They Make ‘Em Tough in ‘ull!!

They make ‘em tough in Hull!

 

In 1974 I was living in a tiny London flat with my wife Liz and baby son. When Liz’s grandmother died we were offered her house in Hull, and so we set about moving up north. Before we could get here Hull City Council placed a demolition order on our prospective house and offered a massive £25 compensation.

Undeterred, now that I had secured a place at Hull University to do a teaching course, we travelled up to Hull for a weekend, and in one afternoon, bought the cheapest house we could find for £800. Job done.

 

The weeks passed. My wife moved up to our new home in Fleet Street, off Stepney Lane, behind Beverley Road baths, with our toddler Dylan. I just had to finish my work and research before joining them.

 

I had one week to complete and then I would start a new life in Hull – except I wasn’t well. I was peeing dark brown liquid and felt terrible. It was worse than flu – worse than man-flu. I went to the doctor. After a brief wait I was called in. The doctor looked up.

‘Stop there!’ he ordered brusquely.

I halted.

He never took his eyes off me and yet somehow managed to write a note. He placed it on the very edge of his desk and retreated to the corner of the room.

I watched with some trepidation. It was beginning to look serious.

‘Take this note and go straight to hospital,’ he ordered. ‘You have hepatitis. Do not go near anyone. You are highly contagious.’

Feeling a wave of anxiety, I edged forward as instructed, while the doctor cringed in the corner of the surgery, took the note from his desk and slowly backed away.

 

I made my way straight to the nearby Royal Free Hospital. I was feeling so ill I could hardly think. At the hospital I handed the note straight to the receptionist and began to tell her the story of my highly infectious disease.

She wasn’t interested. ‘Go and sit over there,’ she informed me, pointing to the full waiting room.

Once again I tried to tell her about my life threatening condition.

‘If you do not sit over there you will not be seen,’ she informed me sternly.

I was too ill to object so did as instructed.

Eventually the doctor saw me. ‘What on earth were you doing sitting in the waiting room?’ He asked aghast. ‘You could have infected half of London!’

I mumbled about the receptionist.

‘We will have to get you into solitary confinement straight away,’ the doctor informed me. ‘You are extremely ill.’

I mumbled something about my wife and child being in Hull and wouldn’t it be possible to be admitted up there.

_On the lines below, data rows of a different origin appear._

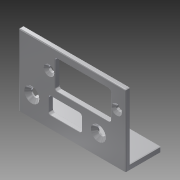
# Autodesk Inventor part: Držák
Saved by Autodesk Inventor 2013 (Build 170138000, 138)
## iProperties
Created: 2013-02-15
Part Number: Držák
Material: Hliník 6061-AHC
Document SubType Name: Modeling
Designer: jirka1
Density: 0.9983 g/cm^3
Author: jirka1
Autodesk Inventor part; units mm, degrees
ref_plane "YZ Plane" through (0, 0, 0) normal (1, 0, 0) x (0, 1, 0)
ref_plane "XZ Plane" through (0, 0, 0) normal (0, 1, 0) x (-1, 0, 0)
ref_plane "XY Plane" through (0, 0, 0) normal (0, 0, 1) x (1, 0, 0)
sketch "Náčrt1" plane through (0, 0, 0) normal (1, 0, 0) x (0, 1, 0)
  line L0 (0, 0) -> (0, 30)
  line L1 (0, 0) -> (30, 0) construction
  line L2 (0, 30) -> (2, 30)
  line L3 (2, 30) -> (2, 2)
  line L4 (2, 2) -> (15, 2)
  line L5 (15, 2) -> (15, 0)
  line L6 (15, 0) -> (0, 0)
  dimension "d0" = 30
  dimension "d1" = 90
  dimension "d2" = 2
  dimension "d3" = 28
  dimension "d4" = 13
  constraints: 14 end point, 4 parallel, 2 perpendicular, 1 horizontal, 1 vertical
  measures "d0" distance of L0.start L0.end
  measures "d1" angle of L1 L0
  measures "d2" distance of L0.end L2.end
  measures "d3" distance of L2.end L3.end
  measures "d4" distance of L3.end L4.end
extrude "Vysunutí1" add sketch "Náčrt1" along normal blind 45
hole "Díra1" at (5.5, 0, 8.5) direction (0, 1, 0) diameter 3.4 end through all countersink diameter 6.3 countersink angle 90 clearance for "Strojní šroub se zápustnou hlavou" size "M3" standard "Ansi M metrický profil"
hole "Díra2" at (33.5, 0, 8.5) direction (0, 1, 0) diameter 3.4 end through all countersink diameter 6.3 countersink angle 90 clearance for "Strojní šroub se zápustnou hlavou" size "M3" standard "Ansi M metrický profil"
sketch "Náčrt3" plane through (0, 0, 0) normal (0, -1, 0) x (1, 0, 0)
  line L0 (13.5, 5) -> (25.5, 5)
  line L1 (26.5, 6) -> (26.5, 11)
  line L2 (25.5, 12) -> (13.5, 12)
  line L3 (12.5, 11) -> (12.5, 6)
  line L4 (12.5, 5) -> (26.5, 12) construction
  line L5 (26.5, 5) -> (12.5, 12) construction
  arc A0 (13.5, 12) -> (12.5, 11) centre (13.5, 11) ccw
  arc A1 (26.5, 11) -> (25.5, 12) centre (25.5, 11) ccw
  arc A2 (25.5, 5) -> (26.5, 6) centre (25.5, 6) ccw
  arc A3 (12.5, 6) -> (13.5, 5) centre (13.5, 6) ccw
  point P0 (19.5, 8.5)
  dimension "d29" = 14
  dimension "d30" = 7
  dimension "d31" = 1
  constraints: 12 end point, 8 point on circle, 8 point on line, 8 tangent, 4 centre point, 3 equal radius, 2 midpoint, 2 parallel, 1 horizontal, 1 perpendicular
  measures "d29" distance of L5.end L4.end
  measures "d30" distance of L4.end L5.start
  measures "d31" radius of A0
extrude "Vysunutí2" cut sketch "Náčrt3" against normal blind 2
hole "Díra3" at (12.75, 0, 21) direction (0, 1, 0) diameter 2.4 end through all countersink diameter 4.4 countersink angle 90 clearance for "Strojní šroub se zápustnou hlavou" size "M2" standard "Ansi M metrický profil"
hole "Díra4" at (41.25, 0, 21) direction (0, 1, 0) diameter 2.4 end through all countersink diameter 4.4 countersink angle 90 clearance for "Strojní šroub se zápustnou hlavou" size "M2" standard "Ansi M metrický profil"
sketch "Náčrt2" plane through (0, 0, 0) normal (0, -1, 0) x (1, 0, 0)
  line L0 (45, 30) -> (45, 0) projected
  line L1 (-5, 2) -> (45, 2)
  line L2 (16.25, 15) -> (37.75, 15)
  line L3 (38.75, 16) -> (38.75, 26)
  line L4 (37.75, 27) -> (16.25, 27)
  line L5 (15.25, 26) -> (15.25, 16)
  line L6 (15.25, 15) -> (38.75, 27) construction
  line L7 (38.75, 15) -> (15.25, 27) construction
  arc A0 (16.25, 27) -> (15.25, 26) centre (16.25, 26) ccw
  arc A1 (38.75, 26) -> (37.75, 27) centre (37.75, 26) ccw
  arc A2 (37.75, 15) -> (38.75, 16) centre (37.75, 16) ccw
  arc A3 (15.25, 16) -> (16.25, 15) centre (16.25, 16) ccw
  point P0 (27, 21)
  dimension "d54" = 23.5
  dimension "d55" = 12
  dimension "d58" = 1
  constraints: 14 end point, 9 point on line, 8 point on circle, 8 tangent, 4 centre point, 3 equal radius, 2 midpoint, 2 parallel, 2 perpendicular, 1 horizontal
  measures "d54" distance of L7.end L6.end
  measures "d55" distance of L6.end L7.start
  measures "d58" radius of A0
extrude "Vysunutí3" cut sketch "Náčrt2" against normal blind 2
fillet "Zaoblení1" radius 0.4 13 edges at (22.5, 0, 30) (22.5, 2, 30) (45, 0, 15) (45, 2, 16) (45, 1, 30) (45, 8.5, 2) (22.5, 15, 2) (45, 15, 1) (0, 0, 15) (0, 1, 30) (0, 2, 16) (0, 8.5, 2) (0, 15, 1)
fillet "Zaoblení2" radius 0.2 32 edges at (38.4571, 0, 26.7071) (38.75, 0, 21) (38.4571, 0, 15.2929) (27, 0, 15) (15.5429, 0, 15.2929) (15.25, 0, 21) (15.5429, 0, 26.7071) (27, 0, 27) (26.2071, 0, 11.7071) (26.5, 0, 8.5) (26.2071, 0, 5.2929) (19.5, 0, 5) (12.7929, 0, 5.2929) (12.5, 0, 8.5) (12.7929, 0, 11.7071) (19.5, 0, 12) (15.5429, 2, 26.7071) (15.25, 2, 21) (15.5429, 2, 15.2929) (27, 2, 15) (38.4571, 2, 15.2929) (38.75, 2, 21) (38.4571, 2, 26.7071) (27, 2, 27) (12.7929, 2, 11.7071) (12.5, 2, 8.5) (12.7929, 2, 5.2929) (19.5, 2, 5) (26.2071, 2, 5.2929) (26.5, 2, 8.5) (26.2071, 2, 11.7071) (19.5, 2, 12)

‘If you discharge yourself you will have to fill in this disclaimer,’ he informed me sniffily. ‘I cannot take responsibility for what happens to you or your family.’

I filled in the form.

We did not have a phone in Hull and this was before the days of mobiles. I had no means of letting Liz know what was going on.

I somehow negotiated trains and buses, attempting to keep myself away from people and stepped off the final bus on Beverley Road.

That’s where my plan fell apart. In my dazed state I could not remember where to go. I was bewildered. I found myself standing outside the Bull, not knowing where I lived.

I spied a young boy and asked him directions to Fleet Street. He looked at me with suspicion as if I was an idiot. ‘See that lad having a lot off to the bairn over there,’ he said with a rich Hull twang. ‘Yer go down tenny t’end ‘n turn right.’ I stood and stared, completely uncomprehending. I might as well have been on Mars. He was talking a different language. What was all this about lads, bairns and tennys? I nodded my thanks and headed off in the general direction indicated.

 

Liz was amazed to find me at the door a week early, especially when I told her not to come within fifteen feet of me as I was dying of a highly infectious and lethal disease.

I went in to the front room and she brought me a cup of tea. Then we set off to Hull General Hospital complete with baby in pram and me walking five paces behind.

I was unceremoniously turned away.

They did not have a casualty department and no matter how ill I was, nobody would see me. I was directed to Hull Royal Infirmary.

That sounded right – I was completely infirm. Besides, if it was good enough for royalty…….

I don’t remember how I got there but once there, and after a considerable wait, they explained I had to go back home. They would not see me because I did not have a GP. It didn’t matter if I was dying. I had to register with a local GP first. Somehow I got ‘home’ and the next morning, after a night in the spare room, Liz registered me at the local surgery.

 

A locum came out to see me. He examined me with stethoscope, thermometer and gave my belly a good prod with his hand, on the floor of the spare bedroom, and pronounced that I did indeed have hepatitis. My liver was very swollen.

I was expecting an ambulance and hospital.

He gave me a prescription for paracetamol and told me to go to bed, take two pills every eight hours and drink lots of fluids.

‘What about my wife and child?’ I mumbled. ‘I’m highly infectious.’

‘Use separate towels,’ he casually instructed as he packed up to leave without washing his hands, taking my deadly virus with him to the next patient.